Google Rolls Out Its 'Chromebook' Netbook

The netbook lives.

At Google's I/O conference in San Francisco Wednesday, the search giant finally did what some customers have been waiting for, for months -- it introduced netbooks running its open source Chrome OS.

The new Chromebooks, as they're called, will be available on June 15 from hardware partners Samsung and Acer, Google (NASDAQ: MSFT) officials said.

They will be sold by Amazon.com (NASDAQ: AMZN) and Best Buy (NYSE: BBY), and will be initially available in the U.S., U.K., France, Germany, Netherlands, Italy, and Spain, according to company statements.

The units will be built on Intel (NASDAQ: INTC) Atom processors, some of which will be dual-core CPUs, and will run on Google's Chrome OS -- an extension of the company's Chrome browser.

Pricing will be up to the manufacturers. However, the Samsung Chromebooks will retail in a range around $400 to $500, while the Acer devices will start at about $349, a Google spokesperson said in an email to InternetNews.com.

One of the big selling points that Google officials touted is the units' solid-state drive (SSD) memory, and automatic Web connections, which enable them to boot in less than 10 seconds, with the user's data stored on the Web.

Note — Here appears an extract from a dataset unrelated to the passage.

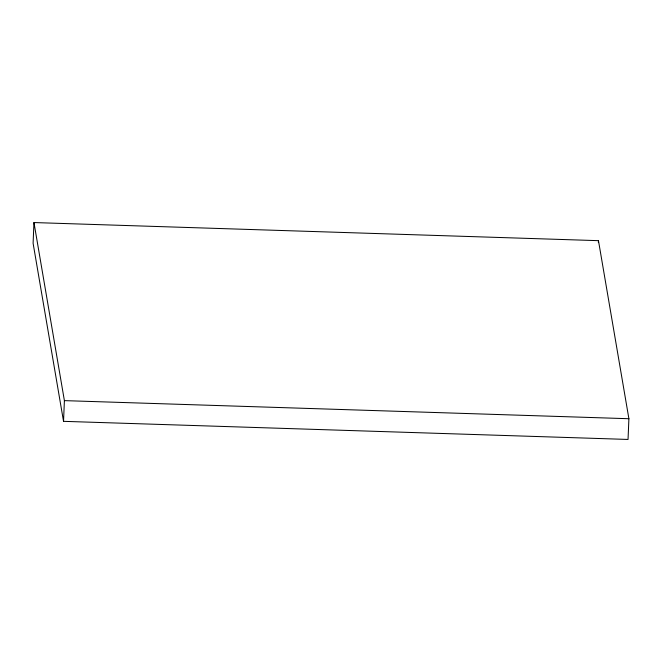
<?xml version="1.0" encoding="UTF-8"?>
<svg xmlns="http://www.w3.org/2000/svg" width="662" height="662" viewBox="0 0 662 662"><rect width="100%" height="100%" fill="white"/><g stroke="black" fill="none" stroke-linecap="round" stroke-linejoin="round"><path stroke-width="0.99" d="M33.961 222.556L33.1 243.277L63.535 421.338L628.039 439.444L628.9 418.723L598.465 240.662L33.961 222.556L64.396 400.626L63.535 421.338M598.382 242.631L598.465 240.662M64.396 400.626L628.9 418.723"/></g></svg>

"With a Chromebook, you won't wait minutes for your computer to boot and your browser to start ... Your apps, games, photos, music, movies, and documents will be accessible wherever you are and you won't need to worry about losing your computer or forgetting to back up files," a post to the Google Chrome Blog said.

Chromebooks will come with built-in support for Wi-Fi and optional 3G connectivity that takes advantage of subscriptions from Verizon Wireless.

Monthly subscriptions will start at $28 per user for businesses and $20 per user for schools, Google statements said, and will include 100 MB per month of mobile data.

Additionally, the Chromebooks claim long battery life -- as much as 8 hours on a charge for several models.

Google introduced Chrome OS in July 2009 and made it available to developers as open source.

The company demonstrated test models of Chromebooks in December, but said that the first commercial units would not be ready until mid-2011, though it had originally hoped to have them out in time for the 2010 holiday sales season.

Wednesday's launch met the revised schedule.